De manière générale, nous mettons entre 10 et 15 % de fonds propres dans nos opérations de promotion. Le reste est financé

via des émissions obligataires et des lignes de crédit de développement. En matière de foncier, le credo est de ne pas céder au désir. Cependant, le lien avec l'eau nous motive.

L'opération des quais d'Arenc à Marseille l'illustre, tout comme les projets en cours d'aménagement à Huningue (Haut-Rhin) au bord du Rhin, à Aix-les-Bains (Savoie) avec le lac de Bourget, à Alfortville (Val-de-Marne) sur la Seine. Nous produisons peu, entre 800 et 1 200 logements par an. Cela nous permet de travailler au plus près avec les entreprises pour arriver au juste prix et à une prestation conforme à nos exigences : des parties communes traitées comme de l'hôtellerie, des matériaux de qualité, des garde-corps soignés, des espaces verts…

Mon fils Jean-Baptiste, qui est aussi architecte, y veille.

M - Constructa a signé au début de l'année un partenariat avec LegaLife pour la digitalisation du processus de vente en l'état futur d'achèvement (Vefa) de ses programmes. Est-ce un passage obligé ?

Oui. Nous avons d'ailleurs créé en début d'année la société de services digitaux Domtel. Pour le Brickline 52, dont le chantier a commencé à Nanterre (Hauts-de-Seine), l'acheteur peut, grâce à un identifiant, suivre l'évolution du projet et communiquer avec nous via une interface. Mais nous ne voulons pas tomber dans la sophistication à l'extrême. Notre pivot, c'est l'usager.
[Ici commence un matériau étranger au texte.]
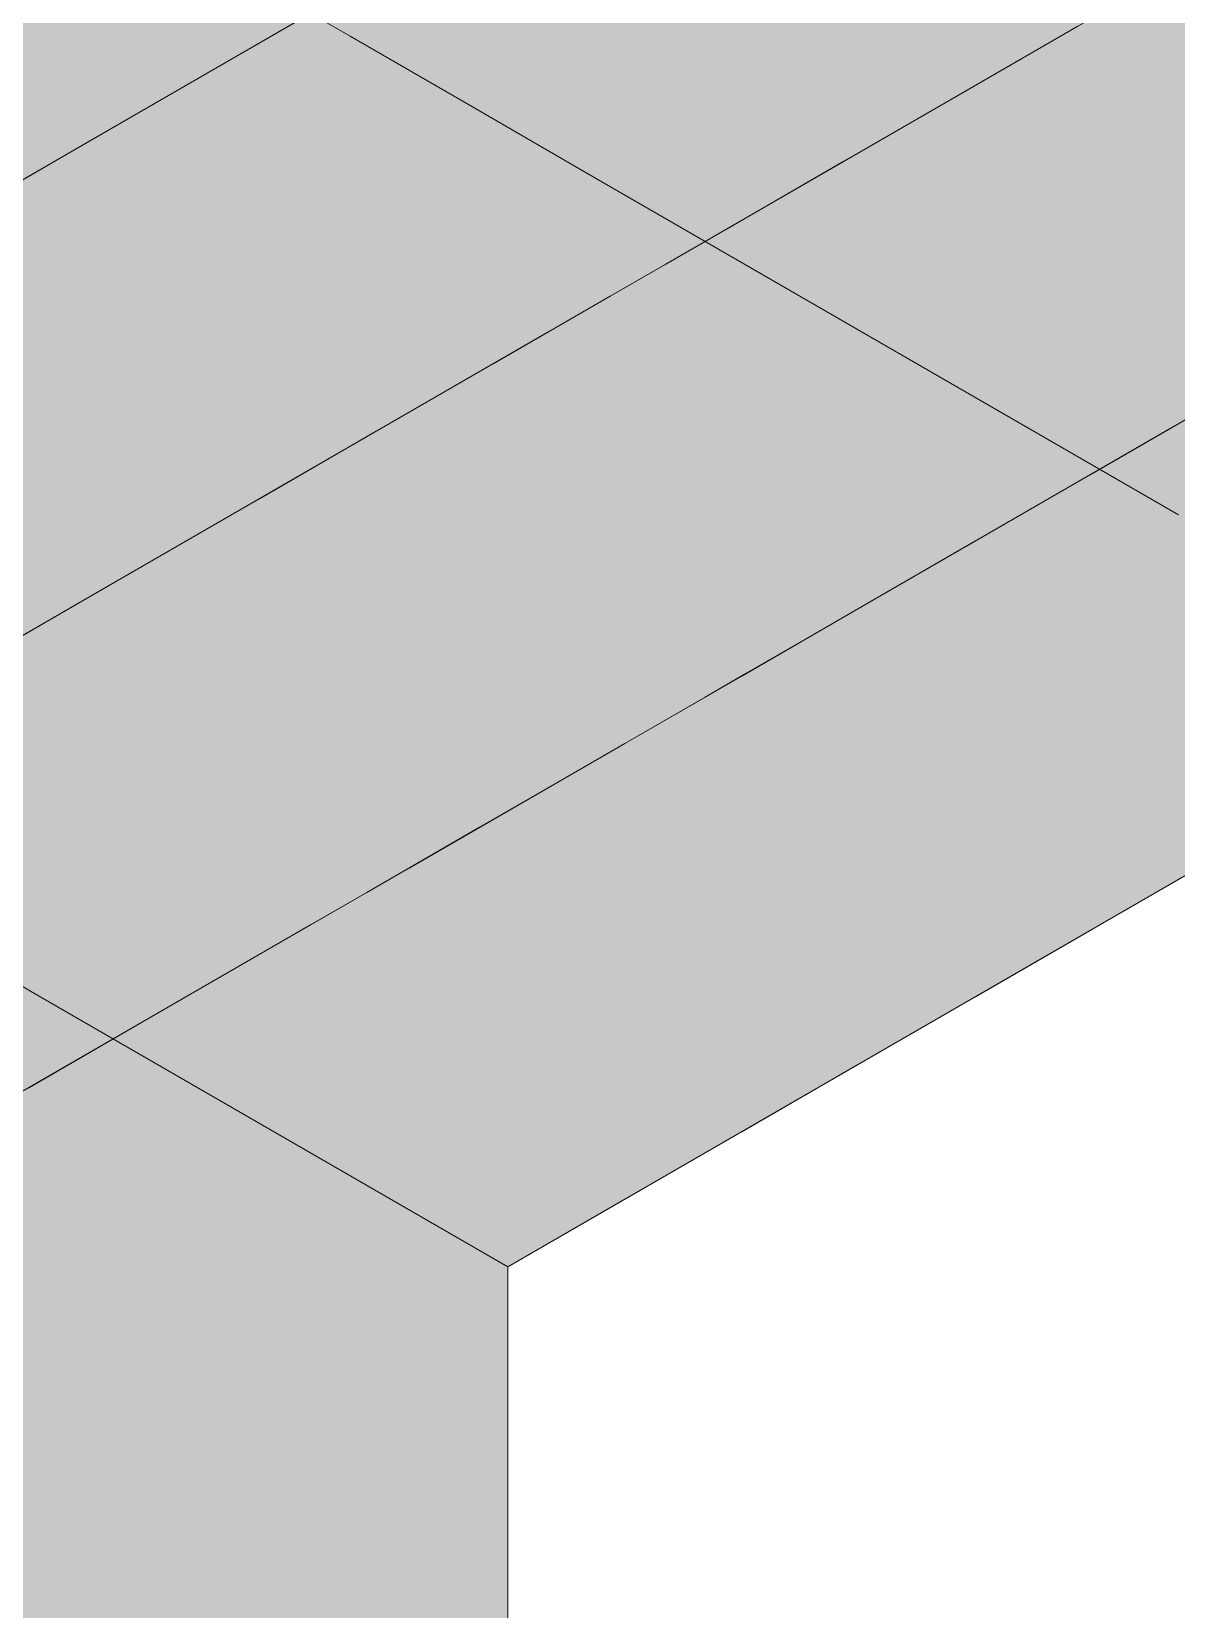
# Model space of a CAD drawing. Header units: metres. Extents: x 0 to 8.41, y 0 to 5.94.
# Drawn here: x 2.4636 to 2.7149, y 4.0548 to 4.401 of the extents above; entities that cross this region are included whole.
import ezdxf

# ---------------------------------------------------------------- set-up
doc = ezdxf.new("R2010")
doc.units = ezdxf.units.M
doc.header["$LTSCALE"] = 0.25
doc.layers.add('ISO-3D', color=7, linetype='CONTINUOUS', lineweight=13)
doc.layers.add('ISO-3D-ARISTAS', color=250, linetype='CONTINUOUS', lineweight=13)

msp = doc.modelspace()

# ---------------------------------------------------------------- linework, layer by layer
at = {"layer": 'ISO-3D', "true_color": 0x9e9d98}
for points in [[(2.53347, 4.4), (2.50749, 4.415), (2.53347, 4.42812), (2.50749, 4.44312)], [(2.58543, 4.39812), (2.55945, 4.41312), (2.58543, 4.42625), (2.55945, 4.44125)], [(2.63739, 4.39625), (2.61141, 4.41125), (2.63739, 4.42437), (2.61141, 4.43937)], [(2.68935, 4.39438), (2.66337, 4.40937), (2.68935, 4.4225), (2.66337, 4.4375)], [(2.55945, 4.385), (2.53347, 4.4), (2.55945, 4.41312), (2.53347, 4.42812)], [(2.61141, 4.38312), (2.58543, 4.39812), (2.61141, 4.41125), (2.58543, 4.42625)], [(2.66337, 4.38125), (2.63739, 4.39625), (2.66337, 4.40937), (2.63739, 4.42437)], [(2.71533, 4.37937), (2.68935, 4.39438), (2.71533, 4.4075), (2.68935, 4.4225)], [(2.58543, 4.37), (2.55945, 4.385), (2.58543, 4.39812), (2.55945, 4.41312)], [(2.63739, 4.36813), (2.61141, 4.38312), (2.63739, 4.39625), (2.61141, 4.41125)], [(2.68935, 4.36625), (2.66337, 4.38125), (2.68935, 4.39438), (2.66337, 4.40937)], [(2.61141, 4.355), (2.58543, 4.37), (2.61141, 4.38312), (2.58543, 4.39812)], [(2.66337, 4.35312), (2.63739, 4.36813), (2.66337, 4.38125), (2.63739, 4.39625)], [(2.71533, 4.35125), (2.68935, 4.36625), (2.71533, 4.37937), (2.68935, 4.39438)], [(2.63739, 4.34), (2.61141, 4.355), (2.63739, 4.36813), (2.61141, 4.38312)], [(2.68935, 4.33812), (2.66337, 4.35312), (2.68935, 4.36625), (2.66337, 4.38125)], [(2.66337, 4.325), (2.63739, 4.34), (2.66337, 4.35312), (2.63739, 4.36813)], [(2.71533, 4.32312), (2.68935, 4.33812), (2.71533, 4.35125), (2.68935, 4.36625)], [(2.68935, 4.31), (2.66337, 4.325), (2.68935, 4.33812), (2.66337, 4.35312)], [(2.71533, 4.295), (2.68935, 4.31), (2.71533, 4.32312), (2.68935, 4.33812)], [(2.46419, 4.165), (2.43821, 4.18), (2.46419, 4.19), (2.43821, 4.205)], [(2.49017, 4.15), (2.46419, 4.165), (2.49017, 4.175), (2.46419, 4.19)], [(2.46419, 4.14), (2.43821, 4.155), (2.46419, 4.165), (2.43821, 4.18)], [(2.51615, 4.135), (2.49017, 4.15), (2.51615, 4.16), (2.49017, 4.175)], [(2.49017, 4.125), (2.46419, 4.14), (2.49017, 4.15), (2.46419, 4.165)], [(2.54213, 4.12), (2.51615, 4.135), (2.54213, 4.145), (2.51615, 4.16)], [(2.46419, 4.115), (2.43821, 4.13), (2.46419, 4.14), (2.43821, 4.155)], [(2.51615, 4.11), (2.49017, 4.125), (2.51615, 4.135), (2.49017, 4.15)], [(2.56811, 4.105), (2.54213, 4.12), (2.56811, 4.13), (2.54213, 4.145)], [(2.49017, 4.1), (2.46419, 4.115), (2.49017, 4.125), (2.46419, 4.14)], [(2.54213, 4.095), (2.51615, 4.11), (2.54213, 4.12), (2.51615, 4.135)], [(2.46419, 4.09), (2.43821, 4.105), (2.46419, 4.115), (2.43821, 4.13)], [(2.51615, 4.085), (2.49017, 4.1), (2.51615, 4.11), (2.49017, 4.125)], [(2.56811, 4.08), (2.54213, 4.095), (2.56811, 4.105), (2.54213, 4.12)], [(2.49017, 4.075), (2.46419, 4.09), (2.49017, 4.1), (2.46419, 4.115)], [(2.54213, 4.07), (2.51615, 4.085), (2.54213, 4.095), (2.51615, 4.11)], [(2.46419, 4.06187), (2.43821, 4.07687), (2.46419, 4.09), (2.43821, 4.105)], [(2.51615, 4.06), (2.49017, 4.075), (2.51615, 4.085), (2.49017, 4.1)], [(2.56811, 4.055), (2.54213, 4.07), (2.56811, 4.08), (2.54213, 4.095)], [(2.49017, 4.04688), (2.46419, 4.06187), (2.49017, 4.075), (2.46419, 4.09)], [(2.54213, 4.045), (2.51615, 4.06), (2.54213, 4.07), (2.51615, 4.085)], [(2.46419, 4.03375), (2.43821, 4.04875), (2.46419, 4.06187), (2.43821, 4.07687)], [(2.51615, 4.03187), (2.49017, 4.04688), (2.51615, 4.06), (2.49017, 4.075)], [(2.56811, 4.03), (2.54213, 4.045), (2.56811, 4.055), (2.54213, 4.07)], [(2.49017, 4.01875), (2.46419, 4.03375), (2.49017, 4.04688), (2.46419, 4.06187)], [(2.54213, 4.01687), (2.51615, 4.03187), (2.54213, 4.045), (2.51615, 4.06)]]:
    msp.add_solid(points, dxfattribs=at)
at = {"layer": 'ISO-3D', "true_color": 0x8e8d88}
for points in [[(2.66754, 4.41241), (2.64188, 4.39759), (2.66754, 4.43741), (2.64188, 4.42259)], [(2.61622, 4.40778), (2.59056, 4.39296), (2.61622, 4.43278), (2.59056, 4.41796)], [(2.5649, 4.40315), (2.53924, 4.38833), (2.5649, 4.42815), (2.53924, 4.41333)], [(2.6932, 4.40222), (2.66754, 4.38741), (2.6932, 4.42722), (2.66754, 4.41241)], [(2.64188, 4.39759), (2.61622, 4.38278), (2.64188, 4.42259), (2.61622, 4.40778)], [(2.59056, 4.39296), (2.5649, 4.37815), (2.59056, 4.41796), (2.5649, 4.40315)], [(2.53924, 4.38833), (2.51358, 4.37352), (2.53924, 4.41333), (2.51358, 4.39852)], [(2.66754, 4.38741), (2.64188, 4.37259), (2.66754, 4.41241), (2.64188, 4.39759)], [(2.61622, 4.38278), (2.59056, 4.36796), (2.61622, 4.40778), (2.59056, 4.39296)], [(2.5649, 4.37815), (2.53924, 4.36333), (2.5649, 4.40315), (2.53924, 4.38833)], [(2.51358, 4.37352), (2.48792, 4.3587), (2.51358, 4.39852), (2.48792, 4.3837)], [(2.64188, 4.37259), (2.61622, 4.35778), (2.64188, 4.39759), (2.61622, 4.38278)], [(2.59056, 4.36796), (2.5649, 4.35315), (2.59056, 4.39296), (2.5649, 4.37815)], [(2.53924, 4.36333), (2.51358, 4.34852), (2.53924, 4.38833), (2.51358, 4.37352)], [(2.48792, 4.3587), (2.46226, 4.34389), (2.48792, 4.3837), (2.46226, 4.36889)], [(2.61622, 4.35778), (2.59056, 4.34296), (2.61622, 4.38278), (2.59056, 4.36796)], [(2.5649, 4.35315), (2.53924, 4.33833), (2.5649, 4.37815), (2.53924, 4.36333)], [(2.51358, 4.34852), (2.48792, 4.3337), (2.51358, 4.37352), (2.48792, 4.3587)], [(2.59056, 4.34296), (2.5649, 4.32815), (2.59056, 4.36796), (2.5649, 4.35315)], [(2.53924, 4.33833), (2.51358, 4.32352), (2.53924, 4.36333), (2.51358, 4.34852)], [(2.48792, 4.3337), (2.46226, 4.31889), (2.48792, 4.3587), (2.46226, 4.34389)], [(2.5649, 4.32815), (2.53924, 4.31333), (2.5649, 4.35315), (2.53924, 4.33833)], [(2.51358, 4.32352), (2.48792, 4.3087), (2.51358, 4.34852), (2.48792, 4.3337)], [(2.53924, 4.31333), (2.51358, 4.29852), (2.53924, 4.33833), (2.51358, 4.32352)], [(2.48792, 4.3087), (2.46226, 4.29389), (2.48792, 4.3337), (2.46226, 4.31889)], [(2.51358, 4.29852), (2.48792, 4.2837), (2.51358, 4.32352), (2.48792, 4.3087)], [(2.72207, 4.29222), (2.69641, 4.27741), (2.72207, 4.31889), (2.69641, 4.30407)], [(2.48792, 4.2837), (2.46226, 4.26889), (2.48792, 4.3087), (2.46226, 4.29389)], [(2.69641, 4.27741), (2.67075, 4.26259), (2.69641, 4.30407), (2.67075, 4.28926)], [(2.72207, 4.26556), (2.69641, 4.25074), (2.72207, 4.29222), (2.69641, 4.27741)], [(2.67075, 4.26259), (2.64509, 4.24778), (2.67075, 4.28926), (2.64509, 4.27444)], [(2.69641, 4.25074), (2.67075, 4.23593), (2.69641, 4.27741), (2.67075, 4.26259)], [(2.64509, 4.24778), (2.61943, 4.23296), (2.64509, 4.27444), (2.61943, 4.25963)], [(2.72207, 4.23889), (2.69641, 4.22407), (2.72207, 4.26556), (2.69641, 4.25074)], [(2.67075, 4.23593), (2.64509, 4.22111), (2.67075, 4.26259), (2.64509, 4.24778)], [(2.61943, 4.23296), (2.59377, 4.21815), (2.61943, 4.25963), (2.59377, 4.24481)], [(2.69641, 4.22407), (2.67075, 4.20926), (2.69641, 4.25074), (2.67075, 4.23593)], [(2.59377, 4.21815), (2.56811, 4.20333), (2.59377, 4.24481), (2.56811, 4.23)], [(2.64509, 4.22111), (2.61943, 4.2063), (2.64509, 4.24778), (2.61943, 4.23296)], [(2.72207, 4.21889), (2.69641, 4.20407), (2.72207, 4.23889), (2.69641, 4.22407)], [(2.67075, 4.20926), (2.64509, 4.19444), (2.67075, 4.23593), (2.64509, 4.22111)], [(2.61943, 4.2063), (2.59377, 4.19148), (2.61943, 4.23296), (2.59377, 4.21815)], [(2.56811, 4.20333), (2.54646, 4.19083), (2.56811, 4.23), (2.54646, 4.2175)], [(2.69641, 4.20407), (2.67075, 4.18926), (2.69641, 4.22407), (2.67075, 4.20926)], [(2.64509, 4.19444), (2.61943, 4.17963), (2.64509, 4.22111), (2.61943, 4.2063)], [(2.54646, 4.19083), (2.52481, 4.17833), (2.54646, 4.2175), (2.52481, 4.205)], [(2.59377, 4.19148), (2.56811, 4.17667), (2.59377, 4.21815), (2.56811, 4.20333)], [(2.67075, 4.18926), (2.64509, 4.17444), (2.67075, 4.20926), (2.64509, 4.19444)], [(2.52481, 4.17833), (2.50316, 4.16583), (2.52481, 4.205), (2.50316, 4.1925)], [(2.56811, 4.17667), (2.54646, 4.16417), (2.56811, 4.20333), (2.54646, 4.19083)], [(2.61943, 4.17963), (2.59377, 4.16481), (2.61943, 4.2063), (2.59377, 4.19148)], [(2.64509, 4.17444), (2.61943, 4.15963), (2.64509, 4.19444), (2.61943, 4.17963)], [(2.50316, 4.16583), (2.48151, 4.15333), (2.50316, 4.1925), (2.48151, 4.18)], [(2.54646, 4.16417), (2.52481, 4.15167), (2.54646, 4.19083), (2.52481, 4.17833)], [(2.59377, 4.16481), (2.56811, 4.15), (2.59377, 4.19148), (2.56811, 4.17667)], [(2.48151, 4.15333), (2.45986, 4.14083), (2.48151, 4.18), (2.45986, 4.1675)], [(2.61943, 4.15963), (2.59377, 4.14481), (2.61943, 4.17963), (2.59377, 4.16481)], [(2.52481, 4.15167), (2.50316, 4.13917), (2.52481, 4.17833), (2.50316, 4.16583)], [(2.56811, 4.15), (2.54646, 4.1375), (2.56811, 4.17667), (2.54646, 4.16417)], [(2.50316, 4.13917), (2.48151, 4.12667), (2.50316, 4.16583), (2.48151, 4.15333)], [(2.54646, 4.1375), (2.52481, 4.125), (2.54646, 4.16417), (2.52481, 4.15167)], [(2.59377, 4.14481), (2.56811, 4.13), (2.59377, 4.16481), (2.56811, 4.15)], [(2.48151, 4.12667), (2.45986, 4.11417), (2.48151, 4.15333), (2.45986, 4.14083)], [(2.52481, 4.125), (2.50316, 4.1125), (2.52481, 4.15167), (2.50316, 4.13917)], [(2.56811, 4.13), (2.54646, 4.1175), (2.56811, 4.15), (2.54646, 4.1375)], [(2.50316, 4.1125), (2.48151, 4.1), (2.50316, 4.13917), (2.48151, 4.12667)], [(2.54646, 4.1175), (2.52481, 4.105), (2.54646, 4.1375), (2.52481, 4.125)], [(2.56811, 4.10105), (2.54646, 4.08855), (2.56811, 4.13), (2.54646, 4.1175)], [(2.48151, 4.1), (2.45986, 4.0875), (2.48151, 4.12667), (2.45986, 4.11417)], [(2.52481, 4.105), (2.50316, 4.0925), (2.52481, 4.125), (2.50316, 4.1125)], [(2.54646, 4.08855), (2.52481, 4.07605), (2.54646, 4.1175), (2.52481, 4.105)], [(2.50316, 4.0925), (2.48151, 4.08), (2.50316, 4.1125), (2.48151, 4.1)], [(2.52481, 4.07605), (2.50316, 4.06355), (2.52481, 4.105), (2.50316, 4.0925)], [(2.48151, 4.08), (2.45986, 4.0675), (2.48151, 4.1), (2.45986, 4.0875)], [(2.56811, 4.07211), (2.54646, 4.05961), (2.56811, 4.10105), (2.54646, 4.08855)], [(2.50316, 4.06355), (2.48151, 4.05105), (2.50316, 4.0925), (2.48151, 4.08)], [(2.54646, 4.05961), (2.52481, 4.04711), (2.54646, 4.08855), (2.52481, 4.07605)], [(2.48151, 4.05105), (2.45986, 4.03855), (2.48151, 4.08), (2.45986, 4.0675)], [(2.52481, 4.04711), (2.50316, 4.03461), (2.52481, 4.07605), (2.50316, 4.06355)], [(2.56811, 4.04316), (2.54646, 4.03066), (2.56811, 4.07211), (2.54646, 4.05961)], [(2.50316, 4.03461), (2.48151, 4.02211), (2.50316, 4.06355), (2.48151, 4.05105)], [(2.54646, 4.03066), (2.52481, 4.01816), (2.54646, 4.05961), (2.52481, 4.04711)]]:
    msp.add_solid(points, dxfattribs=at)
at = {"layer": 'ISO-3D', "true_color": 0xb0aea8}
for points in [[(2.54117, 4.41444), (2.51759, 4.40083), (2.51642, 4.42873), (2.49285, 4.41512)], [(2.4945, 4.4125), (2.46852, 4.3975), (2.47285, 4.425), (2.44687, 4.41)], [(2.54213, 4.415), (2.51615, 4.4), (2.52048, 4.4275), (2.4945, 4.4125)], [(2.55512, 4.4125), (2.53347, 4.4), (2.52914, 4.4275), (2.50749, 4.415)], [(2.58948, 4.41377), (2.56591, 4.40016), (2.56474, 4.42806), (2.54117, 4.41444)], [(2.60275, 4.41), (2.5811, 4.3975), (2.57677, 4.425), (2.55512, 4.4125)], [(2.6378, 4.4131), (2.61423, 4.39948), (2.61306, 4.42738), (2.58948, 4.41377)], [(2.68612, 4.41242), (2.66255, 4.39881), (2.66138, 4.42671), (2.6378, 4.4131)], [(2.73444, 4.41175), (2.71087, 4.39813), (2.7097, 4.42603), (2.68612, 4.41242)], [(2.65038, 4.4075), (2.62873, 4.395), (2.6244, 4.4225), (2.60275, 4.41)], [(2.70667, 4.41), (2.68069, 4.395), (2.68502, 4.4225), (2.65904, 4.4075)], [(2.57677, 4.405), (2.55079, 4.39), (2.55079, 4.42), (2.52481, 4.405)], [(2.62873, 4.405), (2.60275, 4.39), (2.60275, 4.42), (2.57677, 4.405)], [(2.65904, 4.4075), (2.63306, 4.3925), (2.63739, 4.42), (2.61141, 4.405)], [(2.68069, 4.405), (2.65471, 4.39), (2.65471, 4.42), (2.62873, 4.405)], [(2.69801, 4.405), (2.67636, 4.3925), (2.67203, 4.42), (2.65038, 4.4075)], [(2.73265, 4.405), (2.70667, 4.39), (2.70667, 4.42), (2.68069, 4.405)], [(2.46927, 4.40151), (2.4457, 4.3879), (2.44453, 4.41579), (2.42095, 4.40218)], [(2.51759, 4.40083), (2.49402, 4.38722), (2.49285, 4.41512), (2.46927, 4.40151)], [(2.56378, 4.4025), (2.5378, 4.3875), (2.54213, 4.415), (2.51615, 4.4)], [(2.56591, 4.40016), (2.54233, 4.38655), (2.54117, 4.41444), (2.51759, 4.40083)], [(2.61141, 4.405), (2.58543, 4.39), (2.58976, 4.4175), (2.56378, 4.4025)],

M - Quelles sont les perspectives pour 2019 ?

Nous avons 4 800 logements en montage et développement.

Tout en continuant de nous renforcer dans la région parisienne, nous voulons monter en puissance en Rhône-Alpes et autour du lac Léman avec un objectif d'au moins 400 à 500 logements par an. Nous n'avons pas vocation à investir à l'étranger.

En revanche, nos équipes restent mobiles pour intervenir en fonction des demandes des clients. L'autre axe de travail est l'hôtellerie avec plus de 1 000 chambres en exploitation aujourd'hui. Nous portons plusieurs projets en partenariat avec le groupe hôtelier suédois Wyndham et l'exploitant suisse Sophos. Nous renouons des liens avec Pierre et Vacances. C'est une vraie demande des investisseurs institutionnels et privés.

(1) Les autres occupants sont Orange, Sodexo, Haribo, Steir, le World Trade Center de la chambre de commerce et d'industrie, Cepac, Swiss Life mais aussi 80 des plus de 200 salariés du groupe Constructa.